Born 1968; daughter of Peter (a businessman) and Linda (a professor) Munk. Education: Smith College, B.A.; Middlebury College, M.A.; Columbia School of Journalism, M.Sc. (with honors).

ADDRESSES:

Home—New York, NY. Agent—c/o Author Mail, HarperCollins, 10 East 53rd Street, Seventh Floor, New York, NY 10022. E-mail—[email protected]

CAREER:

Freelance journalist and editor.
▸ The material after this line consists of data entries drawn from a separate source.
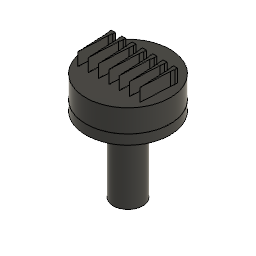
zfish-mold-D13 (Autodesk Fusion 360 design; units mm, degrees)
Autodesk Fusion 360 part; units mm, degrees
sketch "Sketch1" plane through (0, 0, 0) normal (0, 0, 1) x (1, 0, 0)
  line L0 (6.5, 3.25) -> (-6.5, 3.25) construction
  line L1 (-6.5, 3.25) -> (-6.5, -3.25) construction
  line L2 (-6.5, -3.25) -> (6.5, -3.25) construction
  line L3 (6.5, -3.25) -> (6.5, 3.25) construction
  line L4 (6.5, 3.25) -> (-6.5, -3.25) construction
  line L5 (-6.5, 3.25) -> (6.5, -3.25) construction
  line L6 (-5.1, 2.55) -> (-4.5, 2.55)
  line L7 (-4.5, 2.55) -> (-4.5, 2.15)
  line L8 (-5.1, 2.15) -> (-5.1, 2.55)
  line L9 (-4.8, 2.9409) -> (-4.8, -2.4496)
  line L10 (-5.1, 2.15) -> (-5, 1.55)
  line L11 (-4.5, 2.15) -> (-4.6, 1.55)
  line L12 (-5, 1.55) -> (-4.8, -2.95)
  line L13 (-4.6, 1.55) -> (-4.8, -2.95)
  line L14 (-3.5, 2.55) -> (-2.9, 2.55)
  line L15 (-3.5, 2.15) -> (-3.5, 2.55)
  line L16 (-3.5, 2.15) -> (-3.4, 1.55)
  line L17 (-3.4, 1.55) -> (-3.2, -2.95)
  line L18 (-3, 1.55) -> (-3.2, -2.95)
  line L19 (-2.9, 2.15) -> (-3, 1.55)
  line L20 (-2.9, 2.55) -> (-2.9, 2.15)
  line L21 (-1.9, 2.55) -> (-1.3, 2.55)
  line L22 (-1.9, 2.15) -> (-1.9, 2.55)
  line L23 (-1.9, 2.15) -> (-1.8, 1.55)
  line L24 (-1.8, 1.55) -> (-1.6, -2.95)
  line L25 (-1.4, 1.55) -> (-1.6, -2.95)
  line L26 (-1.3, 2.15) -> (-1.4, 1.55)
  line L27 (-1.3, 2.55) -> (-1.3, 2.15)
  line L28 (-0.3, 2.55) -> (0.3, 2.55)
  line L29 (-0.3, 2.15) -> (-0.3, 2.55)
  line L30 (-0.3, 2.15) -> (-0.2, 1.55)
  line L31 (-0.2, 1.55) -> (0, -2.95)
  line L32 (0.2, 1.55) -> (0, -2.95)
  line L33 (0.3, 2.15) -> (0.2, 1.55)
  line L34 (0.3, 2.55) -> (0.3, 2.15)
  line L35 (1.3, 2.55) -> (1.9, 2.55)
  line L36 (1.3, 2.15) -> (1.3, 2.55)
  line L37 (1.3, 2.15) -> (1.4, 1.55)
  line L38 (1.4, 1.55) -> (1.6, -2.95)
  line L39 (1.8, 1.55) -> (1.6, -2.95)
  line L40 (1.9, 2.15) -> (1.8, 1.55)
  line L41 (1.9, 2.55) -> (1.9, 2.15)
  line L42 (2.9, 2.55) -> (3.5, 2.55)
  line L43 (2.9, 2.15) -> (2.9, 2.55)
  line L44 (2.9, 2.15) -> (3, 1.55)
  line L45 (3, 1.55) -> (3.2, -2.95)
  line L46 (3.4, 1.55) -> (3.2, -2.95)
  line L47 (3.5, 2.15) -> (3.4, 1.55)
  line L48 (3.5, 2.55) -> (3.5, 2.15)
  line L49 (4.5, 2.55) -> (5.1, 2.55)
  line L50 (4.5, 2.15) -> (4.5, 2.55)
  line L51 (4.5, 2.15) -> (4.6, 1.55)
  line L52 (4.6, 1.55) -> (4.8, -2.95)
  line L53 (5, 1.55) -> (4.8, -2.95)
  line L54 (5.1, 2.15) -> (5, 1.55)
  line L55 (5.1, 2.55) -> (5.1, 2.15)
  circle A0 centre (0, 0) radius 6.5
  dimension "d1" = 13
  dimension "d2" = 6.5
  dimension "d3" = 0.6
  dimension "d4" = 0.4
  dimension "d5" = 0.7
  dimension "d6" = 1.4
  dimension "d7" = 0.4
  dimension "d8" = 5.5
  dimension "d9" = 0.6
  dimension "d12" = 1.6
  dimension "d13" = 0
  dimension "d20" = 13
  constraint horizontal L0
  constraint perpendicular L0 L1
  constraint parallel L0 L2
  constraint parallel L1 L3
  constraint coincident L4 A0.centre
  constraint coincident L5 A0.centre
  constraint coincident A0.centre origin
  constraint horizontal L6
  constraint vertical L7
  constraint vertical L8
  constraint perpendicular L0 L9
  constraint symmetric L7 L8 L9
  constraint horizontal L10.end L11.end
  constraint symmetric L9 L10.end L11.end
  constraint coincident L9 L12.end
  constraint equal L7 L8
  measures "d1" distance of L1.end L2.end
  measures "d2" distance of L0.end L1.end
  measures "d3" distance of L6.start L6.end
  measures "d4" distance of L6.start L8.start
  measures "d5" distance of L0 L6
  measures "d6" distance of L1 L8
  measures "d7" distance of L10.end L11.end
  measures "d8" distance of L6 L12.end
  measures "d9" vertical distance of L7.end L11.end
  measures "d20" diameter of A0
extrude "Extrude3" add sketch "Sketch1" against normal blind 5 contours L6 L7 L8 L10 L11 L12 L13 | L14 L15 L16 L17 L18 L19 L20 | L21 L22 L23 L24 L25 L26 L27 | L28 L29 L30 L31 L32 L33 L34 | L35 L36 L37 L38 L39 L40 L41 | L42 L43 L44 L45 L46 L47 L48 | L49 L50 L51 L52 L53 L54 L55 | A0 makes body 1
extrude "Extrude1" add sketch "Sketch1" along normal blind 2 contours L6 L7 L8 L10 L11 L12 L13 | L14 L15 L16 L17 L18 L19 L20 | L21 L22 L23 L24 L25 L26 L27 | L28 L29 L30 L31 L32 L33 L34 | L35 L36 L37 L38 L39 L40 L41 | L42 L43 L44 L45 L46 L47 L48 | L49 L50 L51 L52 L53 L54 L55 bodies 1
sketch "Sketch2" plane through (0, 0, -5) normal (0, 0, -1) x (1, 0, 0)
  circle A0 centre (0, 0) radius 6.5
  circle A1 centre (0, 0) radius 5
  circle A2 centre (0, 0) radius 2.3
  line L0 (-5, 0) -> (5, 0)
  line L1 (-4.1758, 2.75) -> (-1.9209, 1.265)
  line L2 (1.9209, -1.265) -> (4.1758, -2.75)
  line L3 (4.1758, 2.75) -> (1.9209, 1.265)
  line L4 (-1.9209, -1.265) -> (-4.1758, -2.75)
  arc A3 (-3.7582, 2.475) -> (-3.7582, -2.475) centre (0, 0) ccw
  arc A4 (3.7582, -2.475) -> (3.7582, 2.475) centre (0, 0) ccw
  arc A5 (-2.0879, -1.375) -> (2.0879, -1.375) centre (0, 0) ccw
  arc A6 (2.0879, 1.375) -> (-2.0879, 1.375) centre (0, 0) ccw
  line L5 (-3.9146, 2.2195) -> (-2.0692, 1.0042)
  line L6 (-3.9356, -2.1819) -> (-2.0878, -0.965)
  line L7 (2.0692, -1.0042) -> (4.333, -2.4951)
  line L8 (2.0692, 1.0042) -> (4.333, 2.4951)
  dimension "d21" = 10
  dimension "d22" = 4.6
  dimension "d23" = 5
  dimension "d24" = 5.5
  dimension "d25" = 9
  dimension "d32" = 0.3
  dimension "d33" = 0.3
  dimension "d34" = 0.3
  dimension "d35" = 0.3
  constraint concentric A0 A1
  constraint coincident A0.centre A1.centre
  constraint coincident A1 L1.start
  constraint coincident A1 L2.end
  constraint coincident A1 L3.start
  constraint coincident A1 L4.end
  constraint coincident A0.centre L3
  constraint coincident A0.centre L1
  constraint coincident A1 L0.start
  constraint coincident A1 L0.end
  constraint horizontal L0
  constraint coincident A0.centre L0
  constraint symmetric L2.end L3.start L0
  constraint concentric A1 A5
  constraint coincident A2 L1.end
  constraint collinear L1 L2
  constraint coincident A2 L4.start
  constraint collinear L3 L4
  constraint coincident A2 L2.start
  constraint coincident A2 L3.end
  constraint concentric A3 A5
  constraint coincident L3 A4.end
  constraint coincident L1 A3.start
  constraint coincident L4 A3.end
  constraint coincident L2 A4.start
  constraint concentric A3 A4
  constraint equal A3 A4
  constraint coincident L1 A6.end
  constraint coincident L4 A5.start
  constraint coincident L3 A6.start
  constraint concentric A5 A6
  constraint coincident L2 A5.end
  constraint equal A5 A6
  constraint coincident A3 L5.start
  constraint coincident A2 L5.end
  constraint coincident A3 L6.start
  constraint coincident A2 L6.end
  constraint parallel L4 L6
  constraint coincident A2 L7.start
  constraint coincident A2 L8.start
  constraint coincident A1 L8.end
  constraint coincident A1 L7.end
  constraint parallel L2 L7
  constraint parallel L3 L8
  constraint parallel L1 L5
  measures "d21" diameter of A1
  measures "d22" diameter of A2
  measures "d23" diameter of A5
  measures "d24" distance of L1.start L4.end
  measures "d25" diameter of A3
  measures "d32" distance of L1.end L5.end
  measures "d33" vertical distance of L4.start L6.end
  measures "d34" distance of L3.end L8.start
  measures "d35" distance of L2.start L7.start
extrude "Extrude4" cut sketch "Sketch2" against normal blind 3.5 contours A1 L0 A4 L8 | A1 L0 A4 L7 | A1 L3 A4 L8 | A1 L2 A4 L7 | A2 L0 A4 L7 | A2 L0 A4 L8 | A1 L1 L3 A6 | A2 L3 A4 L8 | A1 L2 L4 A5 | A2 L2 A4 L7 | A2 L0 | A2 L0 | A1 L0 L1 A3 | A1 L0 L4 A3 | A2 L0 A3 L5 | A2 L0 A3 L6 | A2 L1 A3 L5 | A2 L1 L3 A6 | A2 L4 A3 L6 | A2 L2 L4 A5 bodies 1
extrude "Extrude8" cut 1 faces at (5.9572, -0.5713, -5) along direction (0, 0, 1) blind 1.5 on bodies 1 bodies 1
extrude "Extrude5" add sketch "Sketch2" against normal blind 1.5 separate body contours A0 | A1 L1 L3 A6 | A1 L2 L4 A5 makes body 2
extrude "Extrude6" add sketch "Sketch2" along normal blind 1.4 separate body contours A2 L0 A4 L7 | A2 L0 A4 L8 | A2 L0 | A2 L0 | A2 L0 A3 L5 | A2 L0 A3 L6 makes body 3
extrude "Extrude7" add sketch "Sketch2" along normal blind 15 contours A2 L0 | A2 L0 bodies 3
fillet "Fillet1" radius 0.5 2 edges at (2.3, 0, -6.4) (-2.2999, -0.0217, -6.4) on bodies 3
fillet "Fillet2" radius 0.25 4 edges at (-2.0878, 0.965, -5.95) (2.0692, 1.0042, -5.95) (-2.0692, -1.0042, -5.95) (2.0692, -1.0042, -5.95) on bodies 3
move_body "Move1" bodies 3 to x (1, 0, 0) y (0, 1, 0) z (0, 0, 1) at (0, 0, 3.4256)
move_body "Move2" bodies 2 to x (0, 1, 0) y (-1, 0, 0) z (0, 0, 1) at (0, 0, 0)

Vanity Fair, New York, NY, contributing editor.

AWARDS, HONORS:

Best Retail Submission, IFA Association, for story on Gap, Inc. in Fortune; business journalist of the year designation, Corporation of London, 1998; Front Page Award, for article about corruption among Wall Street analysts in Vanity Fair; Best Entertainment and Leisure Submission, LCCI Awards, 2004, for profile of Steve Case in Vanity Fair.

WRITINGS:

(Wtih Nadia Zonis) Urbanhound: The New York City Dog's Ultimate Survival Guide, City & Co. (New York, NY), 2001.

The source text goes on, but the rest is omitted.